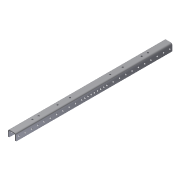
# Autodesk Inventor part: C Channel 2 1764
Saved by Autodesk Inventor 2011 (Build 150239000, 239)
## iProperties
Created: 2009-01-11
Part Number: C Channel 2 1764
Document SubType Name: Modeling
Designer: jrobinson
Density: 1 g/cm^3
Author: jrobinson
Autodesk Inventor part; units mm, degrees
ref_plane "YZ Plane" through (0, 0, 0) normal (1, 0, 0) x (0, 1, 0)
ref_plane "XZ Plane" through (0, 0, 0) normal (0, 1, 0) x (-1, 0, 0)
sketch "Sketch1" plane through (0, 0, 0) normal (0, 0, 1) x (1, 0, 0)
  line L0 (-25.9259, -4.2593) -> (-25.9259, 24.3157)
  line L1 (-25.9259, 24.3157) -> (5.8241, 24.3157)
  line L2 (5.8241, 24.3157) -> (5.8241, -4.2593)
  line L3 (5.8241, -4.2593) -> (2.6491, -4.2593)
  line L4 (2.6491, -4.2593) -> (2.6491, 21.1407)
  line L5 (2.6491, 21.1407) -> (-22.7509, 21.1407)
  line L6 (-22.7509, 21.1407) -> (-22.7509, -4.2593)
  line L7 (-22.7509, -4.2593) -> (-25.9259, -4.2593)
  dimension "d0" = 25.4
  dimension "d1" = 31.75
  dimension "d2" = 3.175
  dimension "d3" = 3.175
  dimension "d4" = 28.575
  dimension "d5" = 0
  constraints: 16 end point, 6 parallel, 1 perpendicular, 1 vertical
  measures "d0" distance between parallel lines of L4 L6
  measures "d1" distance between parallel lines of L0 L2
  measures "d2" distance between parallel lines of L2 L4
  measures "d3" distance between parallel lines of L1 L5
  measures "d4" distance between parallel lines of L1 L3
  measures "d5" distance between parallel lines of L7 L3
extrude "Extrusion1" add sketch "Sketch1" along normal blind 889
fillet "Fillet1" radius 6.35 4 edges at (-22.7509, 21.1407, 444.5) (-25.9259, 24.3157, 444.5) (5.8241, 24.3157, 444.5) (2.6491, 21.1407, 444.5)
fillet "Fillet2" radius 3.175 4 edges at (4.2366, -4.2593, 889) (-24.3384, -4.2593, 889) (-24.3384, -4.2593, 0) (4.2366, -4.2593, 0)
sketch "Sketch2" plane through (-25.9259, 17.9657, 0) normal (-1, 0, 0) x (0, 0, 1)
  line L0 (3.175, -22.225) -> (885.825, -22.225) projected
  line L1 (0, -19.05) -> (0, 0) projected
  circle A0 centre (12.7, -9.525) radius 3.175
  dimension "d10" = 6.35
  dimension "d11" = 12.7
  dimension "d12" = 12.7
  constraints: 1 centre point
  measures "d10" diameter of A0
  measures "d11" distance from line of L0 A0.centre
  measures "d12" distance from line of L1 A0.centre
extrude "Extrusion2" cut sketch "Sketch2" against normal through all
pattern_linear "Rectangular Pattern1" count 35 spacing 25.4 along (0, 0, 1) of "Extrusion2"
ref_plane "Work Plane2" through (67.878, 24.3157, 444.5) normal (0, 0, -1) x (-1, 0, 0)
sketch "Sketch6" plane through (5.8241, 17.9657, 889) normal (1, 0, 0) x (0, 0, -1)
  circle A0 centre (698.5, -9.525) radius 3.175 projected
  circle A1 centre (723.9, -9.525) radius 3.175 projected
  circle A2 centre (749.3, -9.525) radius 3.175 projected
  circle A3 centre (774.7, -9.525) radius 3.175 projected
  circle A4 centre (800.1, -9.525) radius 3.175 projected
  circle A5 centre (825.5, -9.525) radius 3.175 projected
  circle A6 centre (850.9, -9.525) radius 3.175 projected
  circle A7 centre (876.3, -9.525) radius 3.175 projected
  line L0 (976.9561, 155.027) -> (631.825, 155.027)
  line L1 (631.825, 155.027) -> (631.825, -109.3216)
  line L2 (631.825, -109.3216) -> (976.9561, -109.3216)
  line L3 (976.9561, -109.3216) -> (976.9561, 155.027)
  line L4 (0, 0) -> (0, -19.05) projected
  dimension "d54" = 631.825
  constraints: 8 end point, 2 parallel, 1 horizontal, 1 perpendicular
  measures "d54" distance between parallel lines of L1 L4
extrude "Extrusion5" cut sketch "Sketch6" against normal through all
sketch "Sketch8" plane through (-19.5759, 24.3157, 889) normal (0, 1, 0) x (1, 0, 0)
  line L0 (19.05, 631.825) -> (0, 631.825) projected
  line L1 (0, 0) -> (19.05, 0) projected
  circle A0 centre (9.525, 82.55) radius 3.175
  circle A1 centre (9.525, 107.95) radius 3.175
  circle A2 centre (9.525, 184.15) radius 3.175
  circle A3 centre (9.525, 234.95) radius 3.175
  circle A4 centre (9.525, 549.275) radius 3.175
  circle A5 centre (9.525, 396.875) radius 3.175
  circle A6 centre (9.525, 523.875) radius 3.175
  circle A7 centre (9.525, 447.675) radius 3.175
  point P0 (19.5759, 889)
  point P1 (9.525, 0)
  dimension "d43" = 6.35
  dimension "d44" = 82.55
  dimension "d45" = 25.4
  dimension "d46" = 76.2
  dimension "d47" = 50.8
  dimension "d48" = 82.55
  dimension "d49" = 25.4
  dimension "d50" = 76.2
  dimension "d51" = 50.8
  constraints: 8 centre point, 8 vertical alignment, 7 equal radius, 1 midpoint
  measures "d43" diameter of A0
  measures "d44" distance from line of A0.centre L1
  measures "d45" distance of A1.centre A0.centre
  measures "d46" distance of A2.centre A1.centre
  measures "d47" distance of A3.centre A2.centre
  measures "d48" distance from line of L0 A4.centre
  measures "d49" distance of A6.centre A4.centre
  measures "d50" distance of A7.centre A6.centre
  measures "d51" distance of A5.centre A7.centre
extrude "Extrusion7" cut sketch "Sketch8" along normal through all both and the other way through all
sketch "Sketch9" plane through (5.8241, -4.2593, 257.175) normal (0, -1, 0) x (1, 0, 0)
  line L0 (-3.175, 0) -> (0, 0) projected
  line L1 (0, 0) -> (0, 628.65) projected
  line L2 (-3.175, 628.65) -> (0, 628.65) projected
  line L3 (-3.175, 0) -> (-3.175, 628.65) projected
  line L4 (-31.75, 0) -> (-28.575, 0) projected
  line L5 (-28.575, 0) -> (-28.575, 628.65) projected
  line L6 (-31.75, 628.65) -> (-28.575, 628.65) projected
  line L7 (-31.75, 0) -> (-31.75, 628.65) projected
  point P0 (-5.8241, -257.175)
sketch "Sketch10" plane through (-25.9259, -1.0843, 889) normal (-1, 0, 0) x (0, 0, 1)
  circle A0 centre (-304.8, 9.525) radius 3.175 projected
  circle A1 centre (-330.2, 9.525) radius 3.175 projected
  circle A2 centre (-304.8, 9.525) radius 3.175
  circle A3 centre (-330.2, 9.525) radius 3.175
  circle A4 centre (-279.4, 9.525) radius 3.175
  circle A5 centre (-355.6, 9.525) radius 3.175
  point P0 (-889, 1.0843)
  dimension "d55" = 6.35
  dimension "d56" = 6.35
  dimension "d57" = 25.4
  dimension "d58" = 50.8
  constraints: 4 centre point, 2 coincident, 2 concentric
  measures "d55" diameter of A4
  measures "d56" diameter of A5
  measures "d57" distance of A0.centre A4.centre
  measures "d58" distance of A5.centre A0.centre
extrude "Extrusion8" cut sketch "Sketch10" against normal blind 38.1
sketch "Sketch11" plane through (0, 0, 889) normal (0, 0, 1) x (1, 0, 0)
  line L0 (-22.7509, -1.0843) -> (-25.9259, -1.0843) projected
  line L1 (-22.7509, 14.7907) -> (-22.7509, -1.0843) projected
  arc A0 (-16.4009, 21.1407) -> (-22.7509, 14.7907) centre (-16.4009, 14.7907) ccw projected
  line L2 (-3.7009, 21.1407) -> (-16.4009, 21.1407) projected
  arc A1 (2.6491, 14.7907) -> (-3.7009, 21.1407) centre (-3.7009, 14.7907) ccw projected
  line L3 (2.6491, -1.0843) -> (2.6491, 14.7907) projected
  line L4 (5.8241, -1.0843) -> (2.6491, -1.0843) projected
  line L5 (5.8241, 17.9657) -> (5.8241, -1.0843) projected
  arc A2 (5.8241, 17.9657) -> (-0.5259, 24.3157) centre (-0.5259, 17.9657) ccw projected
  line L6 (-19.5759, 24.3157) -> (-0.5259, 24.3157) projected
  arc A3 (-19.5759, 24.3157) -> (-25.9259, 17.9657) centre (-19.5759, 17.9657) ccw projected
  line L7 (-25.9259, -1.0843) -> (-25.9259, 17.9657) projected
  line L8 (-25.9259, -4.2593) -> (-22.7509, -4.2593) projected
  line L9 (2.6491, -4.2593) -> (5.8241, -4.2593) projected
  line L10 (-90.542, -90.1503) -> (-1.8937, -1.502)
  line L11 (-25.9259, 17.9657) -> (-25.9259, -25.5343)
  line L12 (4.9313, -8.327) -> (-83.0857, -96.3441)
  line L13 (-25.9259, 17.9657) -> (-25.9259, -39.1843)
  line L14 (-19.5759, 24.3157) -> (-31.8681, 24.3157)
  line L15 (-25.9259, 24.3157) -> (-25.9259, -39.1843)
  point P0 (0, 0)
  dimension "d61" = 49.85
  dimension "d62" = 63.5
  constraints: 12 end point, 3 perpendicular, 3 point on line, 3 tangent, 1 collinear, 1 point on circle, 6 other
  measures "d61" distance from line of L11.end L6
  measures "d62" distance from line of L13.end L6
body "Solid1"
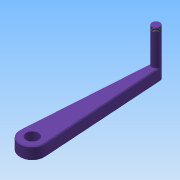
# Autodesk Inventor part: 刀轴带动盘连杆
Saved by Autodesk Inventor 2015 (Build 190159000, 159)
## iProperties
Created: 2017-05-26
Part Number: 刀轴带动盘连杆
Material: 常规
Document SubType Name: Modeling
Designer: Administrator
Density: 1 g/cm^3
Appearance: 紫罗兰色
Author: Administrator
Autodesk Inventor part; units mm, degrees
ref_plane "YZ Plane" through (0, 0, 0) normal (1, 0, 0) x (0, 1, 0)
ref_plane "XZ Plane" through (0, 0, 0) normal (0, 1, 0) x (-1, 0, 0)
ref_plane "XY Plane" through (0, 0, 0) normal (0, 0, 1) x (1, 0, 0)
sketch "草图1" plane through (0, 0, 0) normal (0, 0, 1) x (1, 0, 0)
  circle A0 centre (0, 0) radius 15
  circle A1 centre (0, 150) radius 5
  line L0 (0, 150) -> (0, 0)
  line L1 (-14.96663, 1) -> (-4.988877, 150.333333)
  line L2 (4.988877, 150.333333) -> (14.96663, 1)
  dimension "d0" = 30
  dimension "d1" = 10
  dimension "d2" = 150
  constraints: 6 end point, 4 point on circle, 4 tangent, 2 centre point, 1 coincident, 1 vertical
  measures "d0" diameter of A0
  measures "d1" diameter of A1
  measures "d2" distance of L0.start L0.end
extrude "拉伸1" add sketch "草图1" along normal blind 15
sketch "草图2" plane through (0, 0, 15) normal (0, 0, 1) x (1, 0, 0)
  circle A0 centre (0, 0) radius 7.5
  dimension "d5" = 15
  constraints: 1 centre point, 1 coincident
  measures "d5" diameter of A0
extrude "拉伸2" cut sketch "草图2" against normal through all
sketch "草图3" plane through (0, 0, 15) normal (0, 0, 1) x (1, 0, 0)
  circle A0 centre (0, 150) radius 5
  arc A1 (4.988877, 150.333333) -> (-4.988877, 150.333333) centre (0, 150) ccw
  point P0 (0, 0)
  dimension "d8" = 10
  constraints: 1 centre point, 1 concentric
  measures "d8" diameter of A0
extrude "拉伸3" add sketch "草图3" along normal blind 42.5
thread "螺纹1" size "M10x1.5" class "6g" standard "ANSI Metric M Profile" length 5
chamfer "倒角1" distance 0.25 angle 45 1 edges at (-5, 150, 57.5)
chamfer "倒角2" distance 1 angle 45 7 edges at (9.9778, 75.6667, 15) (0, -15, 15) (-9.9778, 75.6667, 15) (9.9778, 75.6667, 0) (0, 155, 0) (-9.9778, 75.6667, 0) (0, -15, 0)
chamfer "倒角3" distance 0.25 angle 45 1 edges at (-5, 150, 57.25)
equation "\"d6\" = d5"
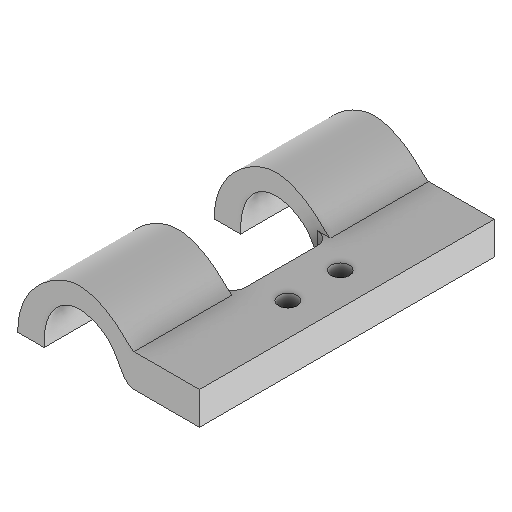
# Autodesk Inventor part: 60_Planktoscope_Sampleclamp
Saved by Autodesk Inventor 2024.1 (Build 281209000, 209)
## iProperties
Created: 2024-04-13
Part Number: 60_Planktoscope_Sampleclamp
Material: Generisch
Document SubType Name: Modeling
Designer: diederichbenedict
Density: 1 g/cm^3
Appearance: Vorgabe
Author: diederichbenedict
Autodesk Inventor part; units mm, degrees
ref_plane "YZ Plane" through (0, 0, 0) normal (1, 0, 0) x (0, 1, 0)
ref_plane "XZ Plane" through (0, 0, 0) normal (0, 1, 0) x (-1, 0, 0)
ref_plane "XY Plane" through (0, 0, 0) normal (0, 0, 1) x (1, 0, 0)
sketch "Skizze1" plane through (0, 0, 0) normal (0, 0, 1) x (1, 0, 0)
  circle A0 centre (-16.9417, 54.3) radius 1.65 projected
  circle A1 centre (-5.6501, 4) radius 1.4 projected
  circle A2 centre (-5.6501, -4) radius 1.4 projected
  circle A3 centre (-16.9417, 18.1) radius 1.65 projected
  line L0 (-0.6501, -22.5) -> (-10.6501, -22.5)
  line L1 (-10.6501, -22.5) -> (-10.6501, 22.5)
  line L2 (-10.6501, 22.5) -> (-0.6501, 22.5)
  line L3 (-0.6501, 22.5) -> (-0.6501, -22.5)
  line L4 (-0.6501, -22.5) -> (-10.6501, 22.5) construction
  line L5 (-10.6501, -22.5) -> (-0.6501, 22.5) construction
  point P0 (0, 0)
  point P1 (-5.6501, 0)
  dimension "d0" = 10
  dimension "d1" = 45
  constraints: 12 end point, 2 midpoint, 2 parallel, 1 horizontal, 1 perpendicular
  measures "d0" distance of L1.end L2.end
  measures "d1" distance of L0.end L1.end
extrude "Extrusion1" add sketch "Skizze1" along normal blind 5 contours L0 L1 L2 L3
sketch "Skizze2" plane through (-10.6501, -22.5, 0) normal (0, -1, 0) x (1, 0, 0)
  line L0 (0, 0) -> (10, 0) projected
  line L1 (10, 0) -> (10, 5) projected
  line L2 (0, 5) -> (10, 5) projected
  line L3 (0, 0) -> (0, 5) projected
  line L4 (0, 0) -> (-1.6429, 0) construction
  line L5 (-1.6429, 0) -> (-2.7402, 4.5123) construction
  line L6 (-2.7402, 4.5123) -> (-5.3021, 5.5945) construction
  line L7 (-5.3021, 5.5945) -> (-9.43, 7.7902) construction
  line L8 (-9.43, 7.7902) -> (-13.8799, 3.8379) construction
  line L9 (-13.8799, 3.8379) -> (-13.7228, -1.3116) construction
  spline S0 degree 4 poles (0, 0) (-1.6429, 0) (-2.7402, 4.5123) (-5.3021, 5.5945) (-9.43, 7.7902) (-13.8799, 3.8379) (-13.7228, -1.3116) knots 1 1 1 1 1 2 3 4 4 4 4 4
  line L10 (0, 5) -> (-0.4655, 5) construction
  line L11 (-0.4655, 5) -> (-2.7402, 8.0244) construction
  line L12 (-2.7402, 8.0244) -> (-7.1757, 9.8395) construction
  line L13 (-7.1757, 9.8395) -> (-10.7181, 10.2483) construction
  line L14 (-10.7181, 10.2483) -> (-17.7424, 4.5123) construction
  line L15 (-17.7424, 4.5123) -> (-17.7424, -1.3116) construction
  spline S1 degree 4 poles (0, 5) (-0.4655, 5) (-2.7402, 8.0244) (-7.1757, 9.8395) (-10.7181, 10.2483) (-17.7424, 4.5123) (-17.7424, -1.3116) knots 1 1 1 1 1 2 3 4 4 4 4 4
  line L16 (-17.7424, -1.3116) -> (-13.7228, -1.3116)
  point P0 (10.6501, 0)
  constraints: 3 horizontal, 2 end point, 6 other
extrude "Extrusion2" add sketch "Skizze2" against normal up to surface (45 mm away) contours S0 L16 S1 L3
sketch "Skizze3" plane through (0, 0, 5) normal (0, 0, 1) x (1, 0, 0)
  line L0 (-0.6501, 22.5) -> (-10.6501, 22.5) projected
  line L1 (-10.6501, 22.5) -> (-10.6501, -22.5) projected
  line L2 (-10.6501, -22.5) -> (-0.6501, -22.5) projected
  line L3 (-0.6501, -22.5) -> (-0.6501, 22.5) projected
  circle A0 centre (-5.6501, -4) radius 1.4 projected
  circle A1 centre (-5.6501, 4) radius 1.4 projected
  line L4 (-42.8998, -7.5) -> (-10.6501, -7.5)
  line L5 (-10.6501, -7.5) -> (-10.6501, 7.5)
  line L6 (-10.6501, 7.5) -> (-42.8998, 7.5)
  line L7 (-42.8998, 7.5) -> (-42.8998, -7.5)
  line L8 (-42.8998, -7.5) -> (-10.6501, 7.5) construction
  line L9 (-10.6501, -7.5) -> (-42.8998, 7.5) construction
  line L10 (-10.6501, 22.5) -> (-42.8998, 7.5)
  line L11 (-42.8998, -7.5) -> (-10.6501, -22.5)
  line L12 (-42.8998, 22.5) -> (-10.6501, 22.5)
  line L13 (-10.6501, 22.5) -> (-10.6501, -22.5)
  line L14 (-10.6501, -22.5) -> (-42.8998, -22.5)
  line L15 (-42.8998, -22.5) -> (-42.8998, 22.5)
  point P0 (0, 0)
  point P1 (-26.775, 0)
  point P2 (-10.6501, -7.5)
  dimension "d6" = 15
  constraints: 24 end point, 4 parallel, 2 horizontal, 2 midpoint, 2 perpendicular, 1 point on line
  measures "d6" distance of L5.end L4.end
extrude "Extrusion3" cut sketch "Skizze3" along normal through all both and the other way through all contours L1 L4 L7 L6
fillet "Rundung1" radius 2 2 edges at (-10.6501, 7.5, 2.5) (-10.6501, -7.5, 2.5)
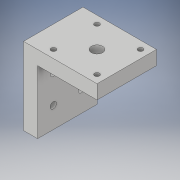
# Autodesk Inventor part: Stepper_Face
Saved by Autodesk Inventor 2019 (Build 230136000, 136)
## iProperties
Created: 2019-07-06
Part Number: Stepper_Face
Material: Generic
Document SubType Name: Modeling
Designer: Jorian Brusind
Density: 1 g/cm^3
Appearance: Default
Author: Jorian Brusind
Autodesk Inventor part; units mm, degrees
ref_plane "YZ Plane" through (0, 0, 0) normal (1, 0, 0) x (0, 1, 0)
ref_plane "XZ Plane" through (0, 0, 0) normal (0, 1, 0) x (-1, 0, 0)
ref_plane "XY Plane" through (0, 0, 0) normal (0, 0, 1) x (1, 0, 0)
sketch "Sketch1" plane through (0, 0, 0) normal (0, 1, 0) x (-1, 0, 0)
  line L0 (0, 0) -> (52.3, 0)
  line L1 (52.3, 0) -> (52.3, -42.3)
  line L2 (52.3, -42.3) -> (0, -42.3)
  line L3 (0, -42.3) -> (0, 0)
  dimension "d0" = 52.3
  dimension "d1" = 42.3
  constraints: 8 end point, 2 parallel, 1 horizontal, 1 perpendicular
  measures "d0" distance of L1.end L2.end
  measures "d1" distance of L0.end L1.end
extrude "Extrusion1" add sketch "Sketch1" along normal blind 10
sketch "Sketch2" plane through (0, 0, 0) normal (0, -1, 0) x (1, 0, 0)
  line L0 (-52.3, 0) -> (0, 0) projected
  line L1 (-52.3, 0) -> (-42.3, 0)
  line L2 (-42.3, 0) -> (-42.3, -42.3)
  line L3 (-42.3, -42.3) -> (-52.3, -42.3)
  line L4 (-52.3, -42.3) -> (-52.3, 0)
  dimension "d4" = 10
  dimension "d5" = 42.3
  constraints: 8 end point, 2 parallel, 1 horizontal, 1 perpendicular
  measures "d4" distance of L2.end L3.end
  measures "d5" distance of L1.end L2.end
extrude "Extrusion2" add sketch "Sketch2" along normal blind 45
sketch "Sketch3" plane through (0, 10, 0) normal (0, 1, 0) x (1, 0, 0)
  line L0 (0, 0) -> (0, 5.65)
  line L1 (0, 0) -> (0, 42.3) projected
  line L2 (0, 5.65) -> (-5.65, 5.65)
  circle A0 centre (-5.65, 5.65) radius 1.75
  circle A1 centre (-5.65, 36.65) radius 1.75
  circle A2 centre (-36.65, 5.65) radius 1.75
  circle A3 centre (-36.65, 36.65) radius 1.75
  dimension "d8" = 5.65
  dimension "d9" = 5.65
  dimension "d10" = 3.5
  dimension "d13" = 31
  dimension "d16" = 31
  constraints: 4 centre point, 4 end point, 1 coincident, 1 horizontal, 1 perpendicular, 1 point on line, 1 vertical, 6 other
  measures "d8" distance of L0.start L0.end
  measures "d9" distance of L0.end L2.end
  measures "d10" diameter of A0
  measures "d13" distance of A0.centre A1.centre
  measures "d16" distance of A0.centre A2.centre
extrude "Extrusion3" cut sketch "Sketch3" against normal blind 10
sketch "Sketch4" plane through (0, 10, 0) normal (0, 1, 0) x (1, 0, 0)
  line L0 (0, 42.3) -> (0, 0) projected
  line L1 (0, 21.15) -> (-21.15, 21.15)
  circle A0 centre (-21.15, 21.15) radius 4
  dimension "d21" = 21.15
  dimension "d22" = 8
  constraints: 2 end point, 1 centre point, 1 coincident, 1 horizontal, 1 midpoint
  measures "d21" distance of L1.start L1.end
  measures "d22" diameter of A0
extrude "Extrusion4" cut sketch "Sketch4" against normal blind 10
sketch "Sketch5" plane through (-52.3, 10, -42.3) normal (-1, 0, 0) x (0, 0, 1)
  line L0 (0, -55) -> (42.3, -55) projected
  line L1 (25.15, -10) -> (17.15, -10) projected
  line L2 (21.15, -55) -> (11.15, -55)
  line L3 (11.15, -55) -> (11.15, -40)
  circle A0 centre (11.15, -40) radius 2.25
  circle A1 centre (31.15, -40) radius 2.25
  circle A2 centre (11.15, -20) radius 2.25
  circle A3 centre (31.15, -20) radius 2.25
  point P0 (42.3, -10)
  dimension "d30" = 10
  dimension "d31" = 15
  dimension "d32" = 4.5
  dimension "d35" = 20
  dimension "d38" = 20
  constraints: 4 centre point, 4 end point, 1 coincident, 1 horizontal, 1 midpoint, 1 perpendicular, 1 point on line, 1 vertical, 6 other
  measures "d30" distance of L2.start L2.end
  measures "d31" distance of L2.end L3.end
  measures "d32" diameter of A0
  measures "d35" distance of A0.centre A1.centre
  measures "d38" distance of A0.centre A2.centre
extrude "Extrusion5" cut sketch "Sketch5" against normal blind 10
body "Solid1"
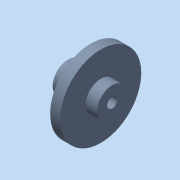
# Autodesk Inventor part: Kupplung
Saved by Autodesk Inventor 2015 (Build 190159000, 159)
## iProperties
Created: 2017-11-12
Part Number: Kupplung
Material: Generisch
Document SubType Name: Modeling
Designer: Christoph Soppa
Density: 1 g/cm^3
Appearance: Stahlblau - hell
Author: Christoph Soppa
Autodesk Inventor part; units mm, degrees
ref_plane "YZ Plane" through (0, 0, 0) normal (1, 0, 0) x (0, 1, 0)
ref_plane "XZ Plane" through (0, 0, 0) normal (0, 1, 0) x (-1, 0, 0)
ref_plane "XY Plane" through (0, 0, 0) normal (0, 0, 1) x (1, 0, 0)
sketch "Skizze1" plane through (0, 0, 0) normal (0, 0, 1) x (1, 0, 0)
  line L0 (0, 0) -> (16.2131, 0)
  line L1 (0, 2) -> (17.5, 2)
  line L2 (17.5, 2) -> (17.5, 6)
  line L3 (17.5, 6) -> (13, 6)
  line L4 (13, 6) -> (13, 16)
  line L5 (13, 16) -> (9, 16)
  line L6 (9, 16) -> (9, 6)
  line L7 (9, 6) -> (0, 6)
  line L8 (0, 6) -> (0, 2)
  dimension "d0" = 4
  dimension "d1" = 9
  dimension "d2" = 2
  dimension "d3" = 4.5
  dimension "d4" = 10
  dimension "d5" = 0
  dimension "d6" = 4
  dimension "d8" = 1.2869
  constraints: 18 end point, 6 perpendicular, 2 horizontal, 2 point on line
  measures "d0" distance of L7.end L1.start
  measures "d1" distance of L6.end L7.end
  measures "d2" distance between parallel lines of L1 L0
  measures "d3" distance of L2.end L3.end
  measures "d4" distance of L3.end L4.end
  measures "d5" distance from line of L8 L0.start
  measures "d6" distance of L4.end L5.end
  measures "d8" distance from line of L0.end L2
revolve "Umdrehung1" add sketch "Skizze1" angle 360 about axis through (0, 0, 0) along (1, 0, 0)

> WHAT YOU HAVE TO DO
Word for word, restate the lines above from the line containing "lines of L1 L3" through the line containing "circle A2 centre (749.3, -9.525)", with both included and nothing else.

> REPLY TO THE EXERCISE
  measures "d4" distance between parallel lines of L1 L3
  measures "d5" distance between parallel lines of L7 L3
extrude "Extrusion1" add sketch "Sketch1" along normal blind 889
fillet "Fillet1" radius 6.35 4 edges at (-22.7509, 21.1407, 444.5) (-25.9259, 24.3157, 444.5) (5.8241, 24.3157, 444.5) (2.6491, 21.1407, 444.5)
fillet "Fillet2" radius 3.175 4 edges at (4.2366, -4.2593, 889) (-24.3384, -4.2593, 889) (-24.3384, -4.2593, 0) (4.2366, -4.2593, 0)
sketch "Sketch2" plane through (-25.9259, 17.9657, 0) normal (-1, 0, 0) x (0, 0, 1)
  line L0 (3.175, -22.225) -> (885.825, -22.225) projected
  line L1 (0, -19.05) -> (0, 0) projected
  circle A0 centre (12.7, -9.525) radius 3.175
  dimension "d10" = 6.35
  dimension "d11" = 12.7
  dimension "d12" = 12.7
  constraints: 1 centre point
  measures "d10" diameter of A0
  measures "d11" distance from line of L0 A0.centre
  measures "d12" distance from line of L1 A0.centre
extrude "Extrusion2" cut sketch "Sketch2" against normal through all
pattern_linear "Rectangular Pattern1" count 35 spacing 25.4 along (0, 0, 1) of "Extrusion2"
ref_plane "Work Plane2" through (67.878, 24.3157, 444.5) normal (0, 0, -1) x (-1, 0, 0)
sketch "Sketch6" plane through (5.8241, 17.9657, 889) normal (1, 0, 0) x (0, 0, -1)
  circle A0 centre (698.5, -9.525) radius 3.175 projected
  circle A1 centre (723.9, -9.525) radius 3.175 projected
  circle A2 centre (749.3, -9.525) radius 3.175 projected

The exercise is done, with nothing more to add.